> [Work order]: Copy every line of the following data that includes the string "Defpoints".

Collected data entries
★ ★ ★ ★ ★ ★ ★
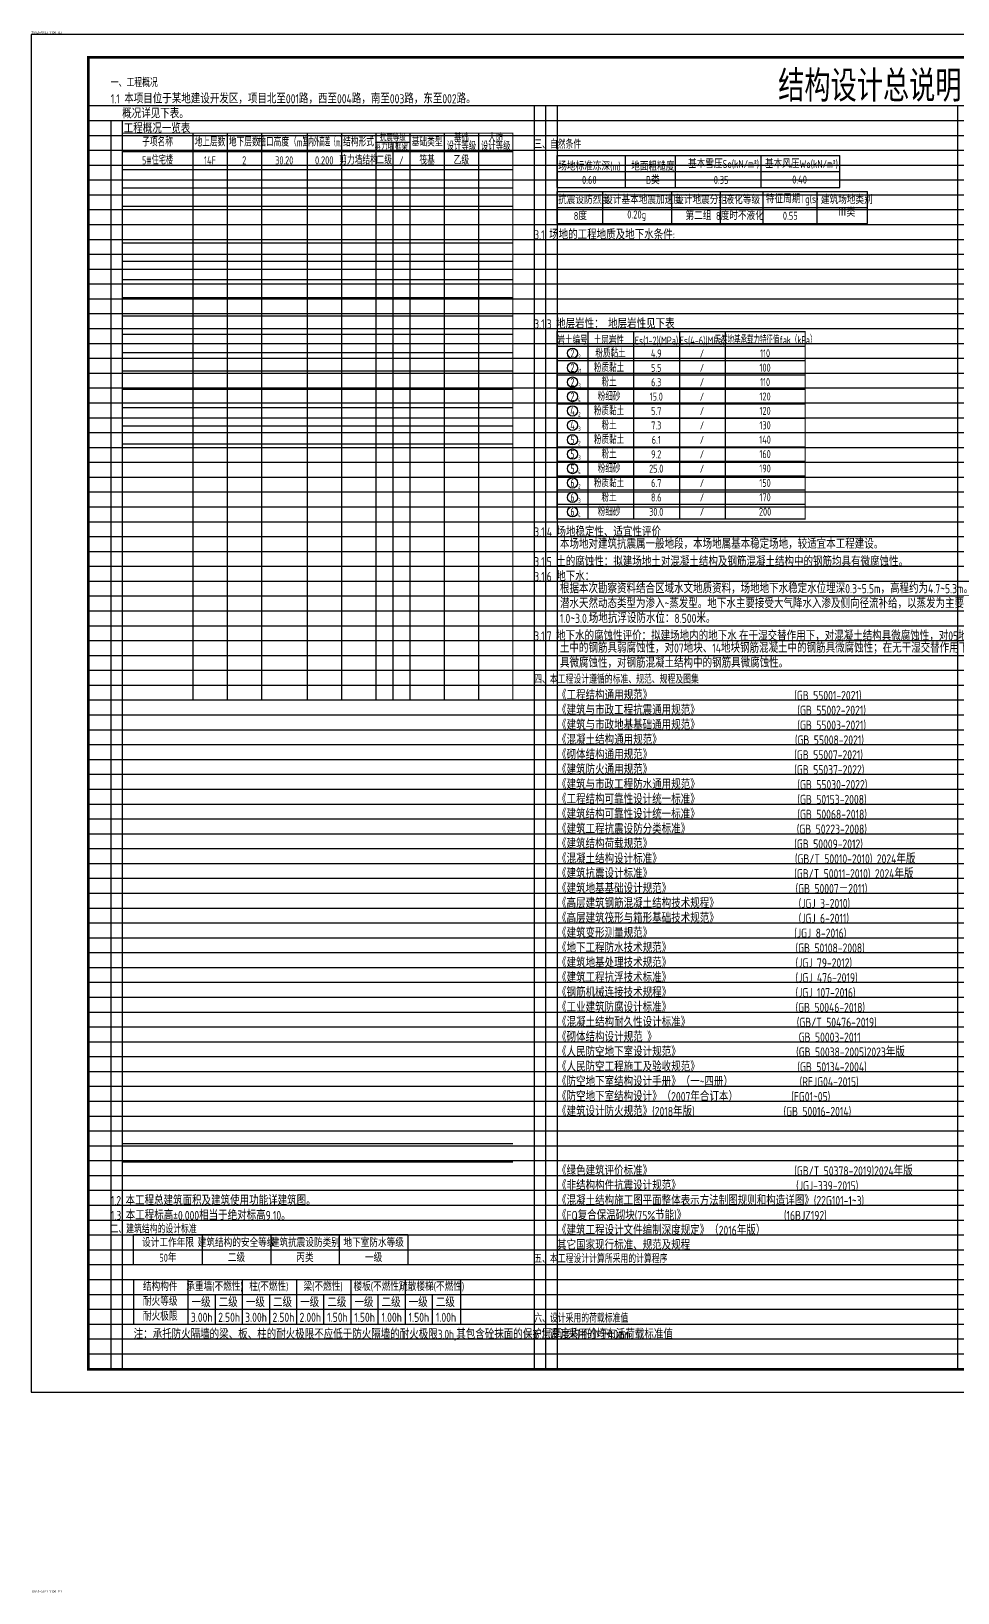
# Model space of a CAD drawing. Extents: x 698102 to 803227, y -138366 to 57555.
# Drawn here: x 698102 to 738637, y -10756 to 57555 of the extents above; entities that cross this region are included whole.
import ezdxf
from ezdxf.enums import TextEntityAlignment as Align

# ---------------------------------------------------------------- set-up
doc = ezdxf.new("R2010")
doc.units = 0
doc.header["$LTSCALE"] = 500
doc.layers.get('Defpoints').update_dxf_attribs({"color": 1, "linetype": 'CONTINUOUS'})
doc.layers.add('_TSZ_PLOT_MARK', color=1, linetype='CONTINUOUS', plot=False)
doc.layers.add('S-MODIFY-云线', color=3, linetype='CONTINUOUS', plot=False)
for name, color, linetype in [('A-ANNO-TITLE', 4, 'CONTINUOUS'), ('S-FLOOR-说明', 7, 'CONTINUOUS'), ('TAB', 132, 'CONTINUOUS'), ('TEXT', 7, 'CONTINUOUS'), ('THICK', 6, 'CONTINUOUS')]:
    doc.layers.add(name, color=color, linetype=linetype)
doc.styles.add('_TSZ_PLOT_MARK', font='tssdeng.shx', dxfattribs={"width": 0.7, "bigfont": 'tssdchn.shx'})
doc.styles.add('TSSD_Dimension', font='Tssdeng.shx', dxfattribs={"width": 0.7, "bigfont": 'hztxt.shx'})
doc.styles.add('TSSD_Norm', font='tssdeng.shx', dxfattribs={"width": 0.8, "bigfont": 'hztxt.shx'})
doc.styles.add('TSSD_Rein', font='tssdeng.shx', dxfattribs={"width": 0.7, "bigfont": 'hztxt.shx'})
doc.styles.add('黑体', font='simhei.ttf')

msp = doc.modelspace()

# ---------------------------------------------------------------- linework, layer by layer
at = {"layer": '_TSZ_PLOT_MARK'}
msp.add_lwpolyline([(698101.92, -1985.76), (782201.92, -1985.76), (782201.92, 57414.24), (698101.92, 57414.24)], close=True, dxfattribs=at)
at = {"layer": 'A-ANNO-TITLE'}
msp.add_lwpolyline([(698101.92, -1985.76), (782201.92, -1985.76), (782201.92, 57414.24), (698101.92, 57414.24)], close=True, dxfattribs=at)
at = {"layer": 'A-ANNO-TITLE', "const_width": 120}
msp.add_lwpolyline([(700601.92, -985.76), (781201.92, -985.76), (781201.92, 56414.24), (700601.92, 56414.24)], close=True, dxfattribs=at)
at = {"layer": 'Defpoints'}
for p, q in [((720106.93, 54299.39), (720106.93, -985.73)), ((720606.93, 54299.39), (720606.93, -985.73)), ((721106.93, 54299.39), (721106.93, -985.76)), ((738631.93, 54299.39), (738631.93, -985.73)), ((701581.93, 53649.39), (701581.93, -985.73)), ((702081.93, 53649.39), (702081.93, -985.73))]:
    msp.add_line(p, q, dxfattribs=at)
at = {"layer": 'S-FLOOR-说明'}
msp.add_line((702084.51, 8899.39), (719171.54, 8899.39), dxfattribs=at)
at = {"layer": 'S-MODIFY-云线', "color": 9}
for p, q in [((700601.92, 54299.39), (774751.92, 54299.39)), ((700601.92, 53649.39), (774751.92, 53649.39)), ((700601.92, 52999.39), (774751.92, 52999.39)), ((700601.92, 52349.39), (774751.92, 52349.39)), ((700601.92, 51699.39), (774751.92, 51699.39)), ((700601.92, 51049.39), (774751.92, 51049.39)), ((700601.92, 50399.39), (774751.92, 50399.39)), ((700601.92, 49749.39), (774751.92, 49749.39)), ((700601.92, 49099.39), (774751.92, 49099.39)), ((700601.92, 48449.39), (774751.92, 48449.39)), ((700601.92, 47799.39), (774751.92, 47799.39)), ((700601.92, 47149.39), (774751.92, 47149.39)), ((700601.92, 46499.39), (774751.92, 46499.39)), ((700601.92, 45849.39), (774751.92, 45849.39)), ((700601.92, 45199.39), (774751.92, 45199.39)), ((700601.92, 44549.39), (774751.92, 44549.39)), ((700601.92, 43899.39), (774751.92, 43899.39)), ((700601.92, 43249.39), (774751.92, 43249.39)), ((700601.92, 42599.39), (774751.92, 42599.39)), ((700601.92, 41949.39), (774751.92, 41949.39)), ((700601.92, 41299.39), (774751.92, 41299.39)), ((700601.92, 40649.39), (774751.92, 40649.39)), ((700601.92, 39999.39), (774751.92, 39999.39)), ((700601.92, 39349.39), (774751.92, 39349.39)), ((700601.92, 38699.39), (774751.92, 38699.39)), ((700601.92, 38049.39), (774751.92, 38049.39)), ((700601.92, 37399.39), (774751.92, 37399.39)), ((700601.92, 36749.39), (774751.92, 36749.39)), ((700601.92, 36099.39), (774751.92, 36099.39)), ((700601.92, 35449.39), (774751.92, 35449.39)), ((700601.92, 34799.39), (774751.92, 34799.39)), ((700601.92, 34149.39), (774751.92, 34149.39)), ((700601.92, 33499.39), (774751.92, 33499.39)), ((700601.92, 32849.39), (774751.92, 32849.39)), ((700601.92, 32199.39), (774751.92, 32199.39)), ((700601.92, 31549.39), (774751.92, 31549.39)), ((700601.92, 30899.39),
★ ★ ★ ★ ★ ★ ★
> [Task output]:
doc.layers.get('Defpoints').update_dxf_attribs({"color": 1, "linetype": 'CONTINUOUS'})
at = {"layer": 'Defpoints'}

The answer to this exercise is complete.